I didn't feed any special food. Just your typical dry fish food, and the occassional baby brine shrimp treats. They love the treats  :Smile: .

----------


## ronald_t80

Hi all, abit off topic....BUT anyone got a picture of ember tetra? and is it suitable for 1ft cube setup? Thanks!

----------


## wasabi8888

yes.. suitable for 1 ft cube tank, but no more than 6, in my opnion

----------


## valice

> Hi all, abit off topic....BUT anyone got a picture of ember tetra? and is it suitable for 1ft cube setup? Thanks!
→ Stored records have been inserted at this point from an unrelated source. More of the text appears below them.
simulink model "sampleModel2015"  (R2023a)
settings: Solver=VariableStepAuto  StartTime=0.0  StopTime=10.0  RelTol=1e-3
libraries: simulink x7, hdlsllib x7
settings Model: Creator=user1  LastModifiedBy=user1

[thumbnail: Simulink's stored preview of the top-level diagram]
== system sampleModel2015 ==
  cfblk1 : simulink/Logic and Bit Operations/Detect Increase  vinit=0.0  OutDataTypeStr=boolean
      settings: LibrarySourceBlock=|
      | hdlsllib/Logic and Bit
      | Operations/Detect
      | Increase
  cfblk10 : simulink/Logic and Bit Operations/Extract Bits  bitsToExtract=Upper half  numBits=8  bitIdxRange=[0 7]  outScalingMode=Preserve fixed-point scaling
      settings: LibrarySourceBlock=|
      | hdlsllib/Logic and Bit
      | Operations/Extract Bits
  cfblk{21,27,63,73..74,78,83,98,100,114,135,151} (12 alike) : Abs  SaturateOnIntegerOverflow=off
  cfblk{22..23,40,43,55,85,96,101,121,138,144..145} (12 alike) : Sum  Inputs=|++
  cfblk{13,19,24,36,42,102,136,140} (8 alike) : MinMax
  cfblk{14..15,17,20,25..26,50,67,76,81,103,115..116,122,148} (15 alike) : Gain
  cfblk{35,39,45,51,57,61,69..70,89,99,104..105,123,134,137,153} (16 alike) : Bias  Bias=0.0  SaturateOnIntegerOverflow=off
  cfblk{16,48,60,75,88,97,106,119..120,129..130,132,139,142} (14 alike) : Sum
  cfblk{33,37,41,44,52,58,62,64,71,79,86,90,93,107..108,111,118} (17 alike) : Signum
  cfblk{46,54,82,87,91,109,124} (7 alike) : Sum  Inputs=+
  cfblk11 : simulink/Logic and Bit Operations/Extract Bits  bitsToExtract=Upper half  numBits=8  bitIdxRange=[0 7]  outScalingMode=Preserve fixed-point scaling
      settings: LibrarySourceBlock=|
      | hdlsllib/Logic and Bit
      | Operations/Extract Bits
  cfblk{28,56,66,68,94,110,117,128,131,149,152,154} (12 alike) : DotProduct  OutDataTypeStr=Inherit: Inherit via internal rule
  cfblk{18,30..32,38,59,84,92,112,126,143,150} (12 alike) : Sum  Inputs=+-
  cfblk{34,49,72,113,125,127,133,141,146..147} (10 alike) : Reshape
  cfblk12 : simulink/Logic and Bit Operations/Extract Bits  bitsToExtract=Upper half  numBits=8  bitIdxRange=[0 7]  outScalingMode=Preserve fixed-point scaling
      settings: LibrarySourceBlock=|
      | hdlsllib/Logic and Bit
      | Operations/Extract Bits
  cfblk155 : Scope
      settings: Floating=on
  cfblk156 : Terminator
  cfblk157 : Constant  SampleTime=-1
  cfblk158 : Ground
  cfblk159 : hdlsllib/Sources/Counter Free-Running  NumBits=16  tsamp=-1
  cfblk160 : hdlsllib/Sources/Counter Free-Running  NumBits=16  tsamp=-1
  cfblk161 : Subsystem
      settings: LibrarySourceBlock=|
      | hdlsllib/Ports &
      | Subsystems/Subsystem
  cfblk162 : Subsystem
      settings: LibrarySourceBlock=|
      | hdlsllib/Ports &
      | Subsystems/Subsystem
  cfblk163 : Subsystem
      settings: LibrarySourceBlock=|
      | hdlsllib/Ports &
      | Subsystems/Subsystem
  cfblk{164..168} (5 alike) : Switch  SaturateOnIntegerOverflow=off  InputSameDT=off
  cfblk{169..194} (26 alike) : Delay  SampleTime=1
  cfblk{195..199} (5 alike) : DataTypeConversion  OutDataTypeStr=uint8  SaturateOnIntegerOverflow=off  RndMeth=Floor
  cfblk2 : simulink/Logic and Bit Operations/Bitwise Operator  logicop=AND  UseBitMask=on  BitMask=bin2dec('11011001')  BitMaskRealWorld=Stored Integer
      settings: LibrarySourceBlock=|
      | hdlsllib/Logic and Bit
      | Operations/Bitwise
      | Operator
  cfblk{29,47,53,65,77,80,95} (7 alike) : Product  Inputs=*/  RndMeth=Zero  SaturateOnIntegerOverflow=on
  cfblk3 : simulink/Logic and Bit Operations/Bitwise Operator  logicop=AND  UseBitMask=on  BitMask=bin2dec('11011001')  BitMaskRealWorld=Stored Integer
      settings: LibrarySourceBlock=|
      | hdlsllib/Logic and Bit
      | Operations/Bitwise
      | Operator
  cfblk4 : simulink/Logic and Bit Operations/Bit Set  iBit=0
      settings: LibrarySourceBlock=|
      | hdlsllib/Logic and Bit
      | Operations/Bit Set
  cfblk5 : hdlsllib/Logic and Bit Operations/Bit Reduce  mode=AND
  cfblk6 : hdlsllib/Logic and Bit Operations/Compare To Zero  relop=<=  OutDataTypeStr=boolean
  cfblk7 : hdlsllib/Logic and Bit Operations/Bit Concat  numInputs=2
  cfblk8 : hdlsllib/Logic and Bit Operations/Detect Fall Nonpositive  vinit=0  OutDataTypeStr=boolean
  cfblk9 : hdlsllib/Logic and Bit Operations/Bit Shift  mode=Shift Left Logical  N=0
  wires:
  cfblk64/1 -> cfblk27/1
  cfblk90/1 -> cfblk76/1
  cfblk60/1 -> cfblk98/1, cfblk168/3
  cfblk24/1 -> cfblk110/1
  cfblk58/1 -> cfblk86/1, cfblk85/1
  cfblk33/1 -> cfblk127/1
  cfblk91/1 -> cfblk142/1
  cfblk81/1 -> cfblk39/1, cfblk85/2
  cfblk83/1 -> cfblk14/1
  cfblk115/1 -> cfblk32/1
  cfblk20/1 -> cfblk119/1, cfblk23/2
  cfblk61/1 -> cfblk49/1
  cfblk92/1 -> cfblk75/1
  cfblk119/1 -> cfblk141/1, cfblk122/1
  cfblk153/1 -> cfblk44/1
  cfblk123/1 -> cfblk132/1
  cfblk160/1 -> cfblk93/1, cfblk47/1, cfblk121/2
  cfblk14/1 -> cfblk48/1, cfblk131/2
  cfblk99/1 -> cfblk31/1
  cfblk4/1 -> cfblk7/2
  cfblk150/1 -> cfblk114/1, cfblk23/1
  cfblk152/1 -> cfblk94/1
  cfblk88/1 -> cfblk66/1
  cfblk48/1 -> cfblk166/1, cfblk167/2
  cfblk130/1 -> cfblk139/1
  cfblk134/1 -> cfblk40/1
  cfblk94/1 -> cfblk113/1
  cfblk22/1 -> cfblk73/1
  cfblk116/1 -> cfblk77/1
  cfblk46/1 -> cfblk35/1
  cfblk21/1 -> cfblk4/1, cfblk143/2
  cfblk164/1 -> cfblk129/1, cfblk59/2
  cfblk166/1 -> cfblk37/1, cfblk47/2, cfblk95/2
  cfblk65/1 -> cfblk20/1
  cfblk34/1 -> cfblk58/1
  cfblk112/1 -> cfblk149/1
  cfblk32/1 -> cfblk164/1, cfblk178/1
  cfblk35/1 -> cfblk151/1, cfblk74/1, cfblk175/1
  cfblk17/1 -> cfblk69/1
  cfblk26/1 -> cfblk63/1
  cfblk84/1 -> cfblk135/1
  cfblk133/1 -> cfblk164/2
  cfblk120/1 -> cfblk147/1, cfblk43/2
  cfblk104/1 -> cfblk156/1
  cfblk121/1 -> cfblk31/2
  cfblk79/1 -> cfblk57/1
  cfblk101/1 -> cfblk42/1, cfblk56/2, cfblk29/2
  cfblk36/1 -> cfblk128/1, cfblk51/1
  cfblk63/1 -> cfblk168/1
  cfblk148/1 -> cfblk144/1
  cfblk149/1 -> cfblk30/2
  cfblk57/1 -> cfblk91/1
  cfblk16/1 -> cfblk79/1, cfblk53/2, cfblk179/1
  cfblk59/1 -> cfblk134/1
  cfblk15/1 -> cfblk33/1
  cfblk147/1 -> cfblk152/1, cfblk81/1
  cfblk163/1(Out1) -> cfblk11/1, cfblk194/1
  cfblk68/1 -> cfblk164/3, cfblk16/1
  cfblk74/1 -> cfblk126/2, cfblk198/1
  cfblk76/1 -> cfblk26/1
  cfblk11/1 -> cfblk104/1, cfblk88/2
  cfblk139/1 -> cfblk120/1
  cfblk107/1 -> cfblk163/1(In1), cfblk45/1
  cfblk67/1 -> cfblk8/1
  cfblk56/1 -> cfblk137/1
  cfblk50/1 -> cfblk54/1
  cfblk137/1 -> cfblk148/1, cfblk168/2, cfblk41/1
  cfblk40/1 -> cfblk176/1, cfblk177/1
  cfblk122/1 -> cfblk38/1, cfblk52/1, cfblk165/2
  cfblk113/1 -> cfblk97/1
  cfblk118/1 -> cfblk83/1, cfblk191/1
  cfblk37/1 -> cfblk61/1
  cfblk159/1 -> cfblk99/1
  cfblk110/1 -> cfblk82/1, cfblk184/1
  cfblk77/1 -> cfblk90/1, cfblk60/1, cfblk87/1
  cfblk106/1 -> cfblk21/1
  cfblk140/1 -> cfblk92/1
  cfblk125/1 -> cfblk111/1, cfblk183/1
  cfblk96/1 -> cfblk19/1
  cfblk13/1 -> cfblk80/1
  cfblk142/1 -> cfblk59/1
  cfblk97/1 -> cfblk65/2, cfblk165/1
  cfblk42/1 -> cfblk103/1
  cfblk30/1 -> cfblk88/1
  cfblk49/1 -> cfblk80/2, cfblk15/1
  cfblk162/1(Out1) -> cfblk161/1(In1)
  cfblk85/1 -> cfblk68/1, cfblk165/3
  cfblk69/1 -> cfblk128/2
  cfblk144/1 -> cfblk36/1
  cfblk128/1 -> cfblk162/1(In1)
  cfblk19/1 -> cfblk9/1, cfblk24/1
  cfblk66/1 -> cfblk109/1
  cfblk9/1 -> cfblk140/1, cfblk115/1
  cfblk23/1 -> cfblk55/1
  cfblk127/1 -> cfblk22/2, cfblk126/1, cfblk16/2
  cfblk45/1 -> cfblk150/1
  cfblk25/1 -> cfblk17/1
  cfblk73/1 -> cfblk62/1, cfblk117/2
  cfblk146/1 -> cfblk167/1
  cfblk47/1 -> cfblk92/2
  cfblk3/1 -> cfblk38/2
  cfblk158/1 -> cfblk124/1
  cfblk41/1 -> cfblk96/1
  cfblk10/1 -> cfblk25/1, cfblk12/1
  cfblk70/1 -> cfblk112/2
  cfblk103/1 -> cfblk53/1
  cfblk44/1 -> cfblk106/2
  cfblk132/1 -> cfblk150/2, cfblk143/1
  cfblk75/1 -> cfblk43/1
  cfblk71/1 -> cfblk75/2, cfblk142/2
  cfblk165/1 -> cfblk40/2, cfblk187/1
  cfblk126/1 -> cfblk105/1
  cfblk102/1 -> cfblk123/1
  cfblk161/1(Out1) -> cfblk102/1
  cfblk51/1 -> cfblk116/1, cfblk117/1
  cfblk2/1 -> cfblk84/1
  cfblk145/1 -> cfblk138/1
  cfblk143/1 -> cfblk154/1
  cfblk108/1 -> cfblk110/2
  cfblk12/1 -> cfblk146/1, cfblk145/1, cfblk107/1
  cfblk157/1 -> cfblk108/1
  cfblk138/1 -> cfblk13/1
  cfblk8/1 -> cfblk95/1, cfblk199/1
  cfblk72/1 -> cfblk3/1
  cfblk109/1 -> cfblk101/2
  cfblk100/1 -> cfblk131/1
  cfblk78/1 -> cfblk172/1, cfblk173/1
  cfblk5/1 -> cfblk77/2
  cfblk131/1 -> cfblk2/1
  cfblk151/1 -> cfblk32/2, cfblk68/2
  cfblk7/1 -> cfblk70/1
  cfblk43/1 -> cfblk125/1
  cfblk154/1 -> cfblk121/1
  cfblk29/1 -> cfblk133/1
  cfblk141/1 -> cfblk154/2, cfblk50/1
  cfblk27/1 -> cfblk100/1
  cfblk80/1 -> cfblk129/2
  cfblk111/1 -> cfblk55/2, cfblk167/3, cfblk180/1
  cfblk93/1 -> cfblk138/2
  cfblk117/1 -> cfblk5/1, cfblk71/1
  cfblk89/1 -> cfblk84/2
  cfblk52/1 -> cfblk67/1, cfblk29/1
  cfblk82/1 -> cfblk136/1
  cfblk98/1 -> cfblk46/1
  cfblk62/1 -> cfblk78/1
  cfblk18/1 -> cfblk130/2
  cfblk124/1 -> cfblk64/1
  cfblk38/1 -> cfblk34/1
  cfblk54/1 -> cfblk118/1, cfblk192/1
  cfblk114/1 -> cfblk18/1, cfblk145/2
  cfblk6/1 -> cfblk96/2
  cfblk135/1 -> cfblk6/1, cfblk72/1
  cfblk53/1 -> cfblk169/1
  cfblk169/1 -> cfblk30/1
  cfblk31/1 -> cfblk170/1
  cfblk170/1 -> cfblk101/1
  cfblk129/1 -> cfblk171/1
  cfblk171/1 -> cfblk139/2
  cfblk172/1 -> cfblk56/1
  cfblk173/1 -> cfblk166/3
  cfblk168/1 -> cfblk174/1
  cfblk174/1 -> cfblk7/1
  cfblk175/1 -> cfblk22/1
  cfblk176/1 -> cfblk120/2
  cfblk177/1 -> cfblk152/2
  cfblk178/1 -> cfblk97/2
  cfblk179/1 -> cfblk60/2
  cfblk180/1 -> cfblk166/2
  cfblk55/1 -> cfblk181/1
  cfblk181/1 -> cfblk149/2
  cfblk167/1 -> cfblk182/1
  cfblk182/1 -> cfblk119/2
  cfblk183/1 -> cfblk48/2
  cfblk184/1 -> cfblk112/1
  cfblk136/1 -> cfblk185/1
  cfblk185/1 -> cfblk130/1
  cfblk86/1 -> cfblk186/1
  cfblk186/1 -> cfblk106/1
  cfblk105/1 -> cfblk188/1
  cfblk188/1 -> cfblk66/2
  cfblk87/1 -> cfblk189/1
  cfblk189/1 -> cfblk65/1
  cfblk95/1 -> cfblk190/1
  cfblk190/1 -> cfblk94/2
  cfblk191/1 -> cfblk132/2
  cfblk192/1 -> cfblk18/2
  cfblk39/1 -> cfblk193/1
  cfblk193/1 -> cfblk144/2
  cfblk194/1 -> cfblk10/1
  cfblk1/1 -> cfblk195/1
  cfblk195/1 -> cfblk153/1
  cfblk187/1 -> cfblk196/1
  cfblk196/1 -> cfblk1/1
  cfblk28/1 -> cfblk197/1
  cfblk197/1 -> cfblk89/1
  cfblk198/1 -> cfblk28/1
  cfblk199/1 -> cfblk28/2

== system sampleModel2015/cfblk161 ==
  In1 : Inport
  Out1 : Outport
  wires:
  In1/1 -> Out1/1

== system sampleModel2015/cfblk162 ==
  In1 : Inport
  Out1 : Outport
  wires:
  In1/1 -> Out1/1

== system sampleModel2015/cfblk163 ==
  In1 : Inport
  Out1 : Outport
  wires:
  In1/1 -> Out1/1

This is how a Ember tetra looks like.



But you usually wouldn't see it so orange in a LFS. The deep orange colouration comes after the fish is stable in your tank.

----------


## Quixotic

Well, if heavily planted and very well filtered, you may get by with stocking more as they don't grow very big, about 2cm SL.

----------


## ronald_t80

> This is how a Ember tetra looks like.
> 
> But you usually wouldn't see it so orange in a LFS. The deep orange colouration comes after the fish is stable in your tank.


 

Thanks valice....thought i saw this fish somewhere after seeing the pictures. Will get about 9 for the 1ft cube....hope its enough.

----------


## andrewtyr

wow, that is really deep colouration. I thought it is quite a plain fish among the others in LFS

----------


## valice

These guys have been with me for nearly 2 years. So are very stable and all have this deep colouration.

----------


## lowell

what's the maximum size of ember tetra? thanks.

----------


## Quixotic

lowell, see post #12.

----------


## angelo

I got 8 of them last Sunday. Two of them in deep orange now. However, the rest are still very light. Is it those two in deep orange are male and the rest are female?

----------


## Quixotic

Considering it has only been a few days since they were in the tank, it may be still too early to tell. As mentioned, some will take weeks to settle down and show their colours.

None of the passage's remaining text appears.